Only just read this but wanted to say I was nodding fervently when reading the Caitlin Moran quote, about overeating being an alternative to more obviously dangerous addictions. I am generally very sensible, I have never even tried smoking let alone recreational drugs, I have a little alcohol only a few times a year. Eating is my vice. I comfort eat.

I don't have BED or COE though, I have numerous mental health issues and a history of abuse but the addiction I had in the past was self harming (I was hospitalised in my teens because of it, and my arms are covered in scars).

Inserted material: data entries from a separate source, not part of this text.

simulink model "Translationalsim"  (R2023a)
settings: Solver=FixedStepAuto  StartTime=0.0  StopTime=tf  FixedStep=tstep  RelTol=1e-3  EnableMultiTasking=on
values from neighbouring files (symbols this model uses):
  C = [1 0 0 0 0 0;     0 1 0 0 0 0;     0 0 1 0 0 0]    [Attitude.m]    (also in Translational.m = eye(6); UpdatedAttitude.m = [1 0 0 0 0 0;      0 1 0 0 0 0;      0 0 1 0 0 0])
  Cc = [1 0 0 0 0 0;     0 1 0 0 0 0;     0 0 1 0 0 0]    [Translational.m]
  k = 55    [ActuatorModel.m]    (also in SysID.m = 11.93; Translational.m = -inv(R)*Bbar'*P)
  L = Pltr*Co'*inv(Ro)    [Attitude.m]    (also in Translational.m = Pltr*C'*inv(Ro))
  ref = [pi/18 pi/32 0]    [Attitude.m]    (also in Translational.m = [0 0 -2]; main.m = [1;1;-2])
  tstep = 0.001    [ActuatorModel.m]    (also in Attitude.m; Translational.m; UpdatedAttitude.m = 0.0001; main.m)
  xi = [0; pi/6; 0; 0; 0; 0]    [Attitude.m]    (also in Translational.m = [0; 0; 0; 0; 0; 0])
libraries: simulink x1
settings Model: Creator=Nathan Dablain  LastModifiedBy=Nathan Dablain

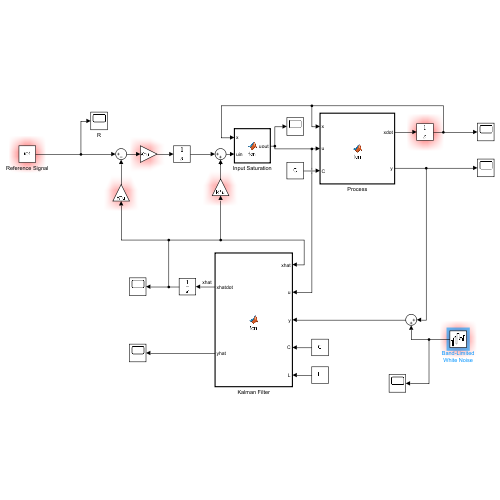
[thumbnail: Simulink's stored preview of the top-level diagram]
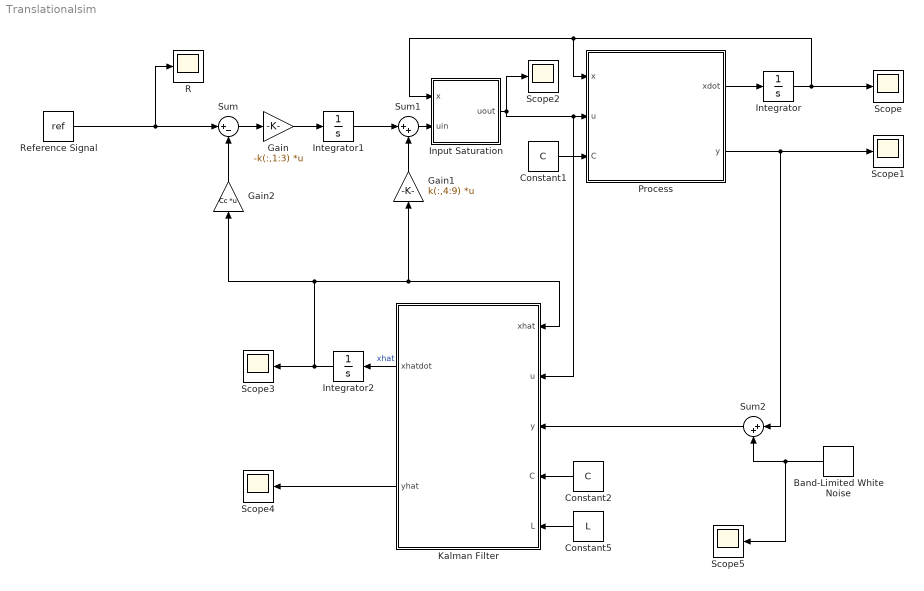
== system Translationalsim ==
  Band-Limited White Noise : simulink/Sources/Band-Limited White Noise  Cov=0.05.*[1e-2 1e-2 1e-2 1e-3 1e-3 1e-3]'  Ts=tstep  seed=[23341]
  Constant1 : Constant  Value=C
  Constant2 : Constant  Value=C
  Constant5 : Constant  Value=L
  Gain : Gain  Gain=-k(:,1:3)  Multiplication=Matrix(K*u)
  Gain1 : Gain  Gain=k(:,4:9)  Multiplication=Matrix(K*u)
  Gain2 : Gain  Gain=Cc  Multiplication=Matrix(K*u)
  Input Saturation : MATLAB Function  TreatAsAtomicUnit=on
  Integrator : Integrator  InitialCondition=xi
  Integrator1 : Integrator  InitialCondition=zeros(4,1)
  Integrator2 : Integrator  InitialCondition=zeros(6,1)
  Kalman Filter : MATLAB Function  TreatAsAtomicUnit=on
  Process : MATLAB Function  TreatAsAtomicUnit=on
  R : Scope
  Reference Signal : Constant  Value=ref
  Scope{,1..5} (6 alike) : Scope
  Sum : Sum  Inputs=|+-
  Sum1 : Sum  Inputs=|++
  Sum2 : Sum  Inputs=|++
  wires:
  Process/1(xdot) -> Integrator/1
  Integrator/1 -> Input Saturation/1(x), Process/1(x), Scope/1
  Process/2(y) -> Sum2/1, Scope1/1
  Constant1/1 -> Process/3(C)
  Integrator1/1 -> Sum1/1
  Sum/1 -> Gain/1
  Gain1/1 -> Sum1/2
  Reference Signal/1 -> R/1, Sum/1
  Sum1/1 -> Input Saturation/2(uin)
  Input Saturation/1(uout) -> Kalman Filter/2(u), Process/2(u), Scope2/1
  Kalman Filter/1(xhatdot) -> Integrator2/1  "xhat"
  Integrator2/1 -> Kalman Filter/1(xhat), Gain1/1, Gain2/1, Scope3/1
  Gain/1 -> Integrator1/1
  Constant2/1 -> Kalman Filter/4(C)
  Constant5/1 -> Kalman Filter/5(L)
  Gain2/1 -> Sum/2
  Band-Limited White Noise/1 -> Scope5/1, Sum2/2
  Kalman Filter/2(yhat) -> Scope4/1
  Sum2/1 -> Kalman Filter/3(y)

== matlab function Translationalsim/Process ==
  data: x input; xdot output; u input; y output; C input
function [xdot,y] = fcn(x,u,C)
m = 2.25;
g = 9.79;

K = 6000; % Ground stiffness (N/m)
c = 200; % Ground damping (N/m/s)
if x(3) >= 0
    Fr = [c*x(4);c*x(5);K*x(3) + c*x(6)]; % Ground reaction force
else
    Fr = zeros(3,1);
end

phi = u(2);
theta = u(3);
psi = u(4);

xdot = [[cos(theta)*cos(psi)  sin(phi)*sin(theta)*cos(psi) - cos(phi)*sin(psi) cos(phi)*sin(theta)*cos(psi)+sin(phi)*sin(psi);... 
    cos(theta)*sin(psi)  sin(phi)*sin(theta)*sin(psi)+cos(phi)*cos(psi) cos(phi)*sin(theta)*sin(psi)-sin(phi)*cos(psi);... 
    -sin(theta) sin(phi)*cos(theta) cos(phi)*cos(theta)]*x(4:6);...
    -g*sin(theta) - Fr(1)/m;...
    g*cos(theta)*sin(phi) - Fr(2)/m;...
    -u(1)/m-Fr(3)/m+g*cos(theta)*cos(phi)];
y = C*x;
end

== matlab function Translationalsim/Input Saturation ==
  data: x input; uin input; uout output
function uout = fcn(x,uin)
uout = uin;
max_ang = 20*pi/180; % rad
max_thrust = 30; % N
if uin(1)> max_thrust
    uout(1) = max_thrust;
elseif uin(1)<0
    uout(1) = 0;
end
for i = 2:4
    if x(3)>=-0.01
        uout(i) = 0;
    elseif uin(i) > max_ang
        uout(i) = max_ang;
    elseif uin(i) < -max_ang
        uout(i) = -max_ang;
    end
end
end

== matlab function Translationalsim/Kalman Filter ==
  data: xhat input; u input; y input; C input; xhatdot output; L input; yhat output
function [xhatdot,yhat]  = fcn(xhat, u, y, C, L)
m = 2.5;
g = 9.81;

K = 5000; % Ground stiffness (N/m)
c = 150; % Ground damping (N/m/s)
if xhat(3) >= 0
    Fr = [c*xhat(4);c*xhat(5);K*xhat(3) + c*xhat(6)]; % Ground reaction force
else
    Fr = zeros(3,1);
end

phi = u(2);
theta = u(3);
psi = u(4);
yhat = C*xhat;
xhatdot = [[cos(theta)*cos(psi)  sin(phi)*sin(theta)*cos(psi) - cos(phi)*sin(psi) cos(phi)*sin(theta)*cos(psi)+sin(phi)*sin(psi);... 
    cos(theta)*sin(psi)  sin(phi)*sin(theta)*sin(psi)+cos(phi)*cos(psi) cos(phi)*sin(theta)*sin(psi)-sin(phi)*cos(psi);... 
    -sin(theta) sin(phi)*cos(theta) cos(phi)*cos(theta)]*xhat(4:6);...
    -g*sin(theta) - Fr(1)/m;...
    g*cos(theta)*sin(phi) - Fr(2)/m;...
    -u(1)/m-Fr(3)/m+g*cos(theta)*cos(phi)] + L*(y-yhat);
end

For me the eating badly is due to low self worth - I wouldn't bother to make good choices and nourish myself because what was the point? I'd still hate myself anyway. I'm only now learning to enjoy looking after myself, at the age of 27, and my food choices are starting to reflect that. The Eat Better threads are really helpful, I am finally able to treat myself with compassion and talk openly about my eating. Sleepwhenidie is fab :o

I think it's just luck that my MH issues didn't manifest themselves in a serious eating disorder (although bad luck that my scars will be there forever). I guess whatever made me cut myself, in someone else would make them get hooked on drugs or alcohol, or in someone else would trigger risky behaviour and gambling, or in someone else would make them binge on thousands of calories at a time.